# Preventing hoof abscesses



## pistolpete (23 July 2012)

As title, I know it's been a bad year, my horse has one at the moment and they are so awful. Best tips for avoiding them. Got lots of ideas now on treating them, this is our third in under a year! Not happy! Wonder if the type of soil affects some horses?


----------



## Ranyhyn (23 July 2012)

No veterinary/scientific backing to this but I believe it does.  My podiatrist suggests that these constant changes in weather don't help (expansion and contraction of the foot) either.
I try my best to keep my horses underfoot conditions as constant as possible (easier said than done) and just try to keep really on top of trims/shoeing etc.


----------



## Brightbay (23 July 2012)

The person who works out how to prevent hoof abscesses will be both very rich and the friend and hero of horse owners down the ages 

There are so many factors...  weather, ground, diet including type of pasture, turnout, shoes/unshod, type of work, type of work surface, type of horse, back feet, front feet, thrush, veterinary history (laminitis, Cushings?).

I am on number two since last October.  Last October was probably thrush related after a long wet spell.  This most recent one is not thrush related, has been drained by vet but is still grumbling on in the form of a persistent hot hoof, although horse no longer lame.

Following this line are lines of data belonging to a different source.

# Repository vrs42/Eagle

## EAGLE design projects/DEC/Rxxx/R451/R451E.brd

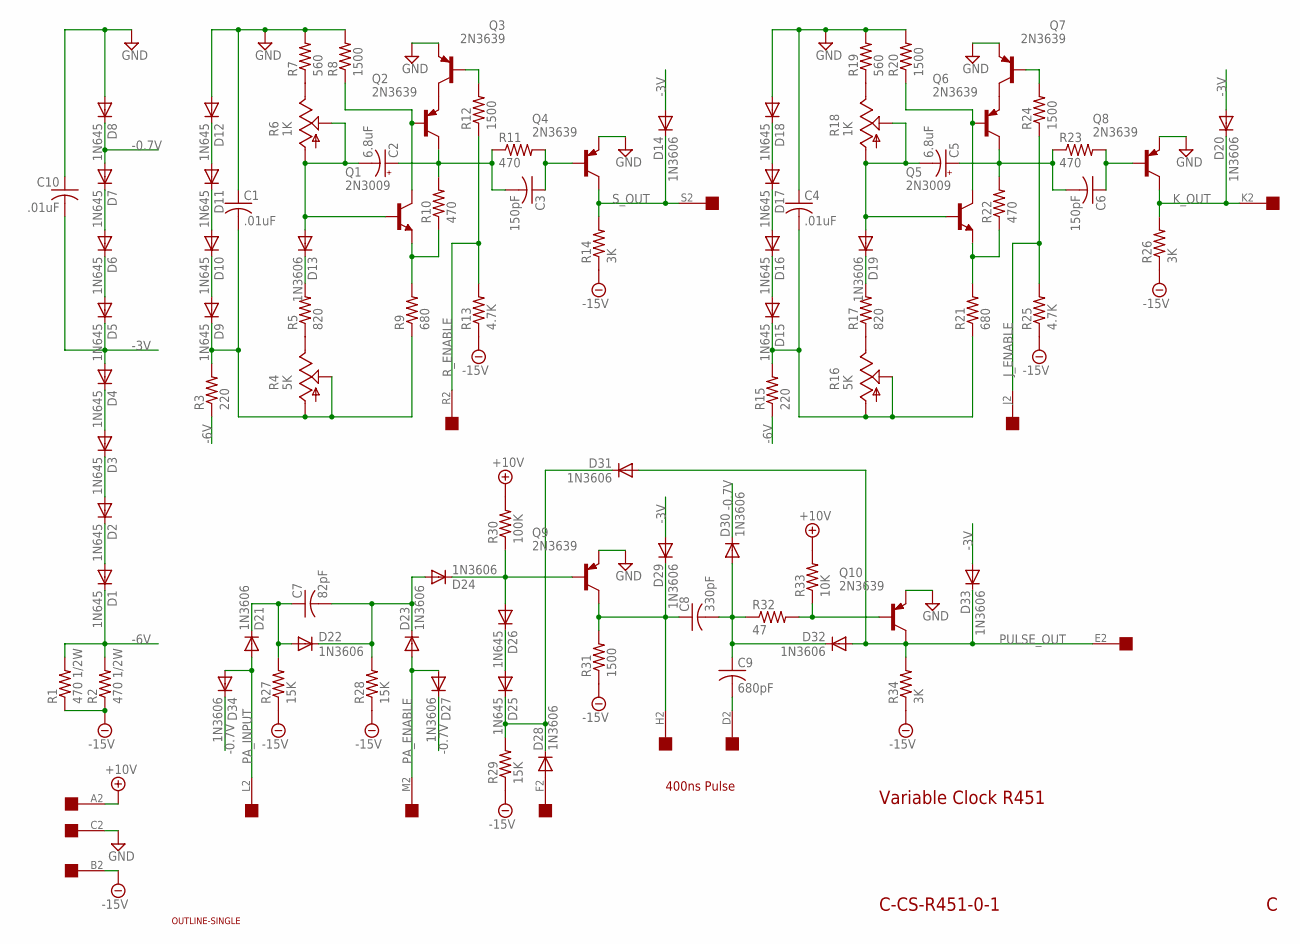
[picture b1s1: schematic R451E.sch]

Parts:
C1, C4, C10: .01uF; C050-025X075
C2, C5: 6.8uF; E12-4
C3, C6: 150pF; C075-032X103
C7: 82pF; C075-032X103
C8: 330pF; C075-032X103
C9: 680pF; C075-032X103
D1, D2, D3, D4, D5, D6, D7, D8, D9, D10, D11, D12, D15, D16, D17, D18, D25, D26: 1N645; DO35-10
D13, D14, D19, D20, D21, D22, D23, D24, D27, D28, D29, D30, D31, D32, D33, D34: 1N3606; DO35-10
Q1, Q5: 2N3009; TO5
Q2, Q3, Q4, Q6, Q7, Q8, Q9, Q10: 2N3639; TO39
R1, R2: 470 1/2W; 0411/15
R3, R15: 220; 0207/10
R4, R16: 5K; CT6
R5, R17: 820; 0207/10
R6, R18: 1K; CT6
R7, R19: 560; 0207/10
R8, R12, R20, R24, R31: 1500; 0207/10
R9, R21: 680; 0207/10
R10, R11, R22, R23: 470; 0207/10
R13, R25: 4.7K; 0207/10
R14, R26, R34: 3K; 0207/10
R27, R28, R29: 15K; 0207/10
R30: 100K; 0207/10
R32: 47; 0207/10
R33: 10K; 0207/10
U$1: OUTLINE-SINGLE; SINGLE
U$2: EDGE-1; EDGE-CON1

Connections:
+10V: R30.2, R33.2, U$2.A2
-0.7V: D7.A, D8.C, D27.C, D30.C, D34.C
-3V: C10.2, D4.A, D5.C, D14.A, D20.A, D29.A, D33.A
-6V: D1.C, R1.2, R2.2, R3.1, R15.1
-15V: R1.1, R2.1, R13.1, R14.1, R25.1, R26.1, R27.1, R28.1, R29.1, R31.1, R34.1, U$2.B2
GND: C1.1, C4.1, C10.1, D8.A, D12.A, D18.A, Q3.1 (E), Q4.1 (E), Q7.1 (E), Q8.1 (E), Q9.1 (E), Q10.1 (E), R7.2, R8.2, R19.2, R20.2, U$2.C2
J_ENABLE: R24.1, R25.2, U$2.J2
K_OUT: D20.C, Q8.3 (C), R26.2, U$2.K2
unnamed: D1.A, D2.C
unnamed: D5.A, D6.C
unnamed: D11.A, D12.C
unnamed: D10.A, D11.C
unnamed: D9.A, D10.C
unnamed: C1.2, D9.C, R3.2, R4.A, R4.S, R9.1
unnamed: Q1.1 (E), R9.2, R10.1
unnamed: R4.E, R5.1
unnamed: D13.C, R5.2
unnamed: C2.-, D13.A, Q1.2 (B), R6.A, R6.S
unnamed: Q1.3 (C), Q2.2 (B), R8.1
unnamed: C2.+, C3.2, Q2.3 (C), R10.2, R11.1
unnamed: D2.A, D3.C
unnamed: D3.A, D4.C
unnamed: Q3.2 (B), R12.2
unnamed: Q2.1 (E), Q3.3 (C)
unnamed: R6.E, R7.1
unnamed: C3.1, Q4.2 (B), R11.2
unnamed: D17.A, D18.C
unnamed: D16.A, D17.C
unnamed: D15.A, D16.C
unnamed: C4.2, D15.C, R15.2, R16.A, R16.S, R21.1
unnamed: D19.C, R17.2
unnamed: D28.A, U$2.F2
unnamed: Q5.1 (E), R21.2, R22.1
unnamed: C7.1, D21.C, D22.A, R27.2
unnamed: C5.-, D19.A, Q5.2 (B), R18.A, R18.S
unnamed: C7.2, D22.C, D23.C, D24.A, R28.2
unnamed: Q5.3 (C), Q6.2 (B), R20.1
unnamed: Q6.1 (E), Q7.3 (C)
unnamed: R18.E, R19.1
unnamed: R16.E, R17.1
unnamed: C5.+, C6.2, Q6.3 (C), R22.2, R23.1
unnamed: C6.1, Q8.2 (B), R23.2
unnamed: Q7.2 (B), R24.2
unnamed: C8.1, D29.C, Q9.3 (C), R31.2, U$2.H2
unnamed: D24.C, D26.A, Q9.2 (B), R30.1
unnamed: D25.A, D26.C
unnamed: D25.C, D28.C, D31.C, R29.2
unnamed: C8.2, C9.1, D30.A, D32.C, R32.1
unnamed: C9.2, U$2.D2
unnamed: Q10.2 (B), R32.2, R33.1
unnamed: D6.A, D7.C
PA_ENABLE: D23.A, D27.A, U$2.M2
PA_INPUT: D21.A, D34.A, U$2.L2
PULSE_OUT: D31.A, D32.A, D33.C, Q10.3 (C), R34.2, U$2.E2
R_ENABLE: R12.1, R13.2, U$2.R2
S_OUT: D14.C, Q4.3 (C), R14.2, U$2.S2

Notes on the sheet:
Variable Clock R451
C-CS-R451-0-1
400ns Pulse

I suspect grass, but since we're on grass livery, it's rather difficult to test this theory 

I suppose the best any of us can do is maintain horse at an optimal weight, make sure their diet includes all the necessary minerals and vitamins, add if not, deal with if something is there in excess (iron, for example), make sure they get plenty of exercise, make sure their feet are in the best possible condition, well balanced and not thrushy, and be careful of the surfaces we ride on.  After that, I guess there's an element of luck/genetics that we can't do much about!

Happy soaking/poulticing and sending good pus vibes to everybody whose horse has abscesses at the moment


----------



## chicolena (31 July 2012)

Thanks for those good vibes, must have worked because my 2yrs abscess brust two nights ago after 5 weeks of on and off lameness, phew. 

it was tracked by the vet 2 weeks ago but nothing really came out (leaving a big hole :/  ) finally burst out the Coronary Band . Never been so pleased to see pus and goo.

I have her in at night and out during the day, fields are soaking but what can you do. should i just put her out full time again? it hasnt really stopped draining atm , id prefer to keep her out but obviously dont want reocurring issues. 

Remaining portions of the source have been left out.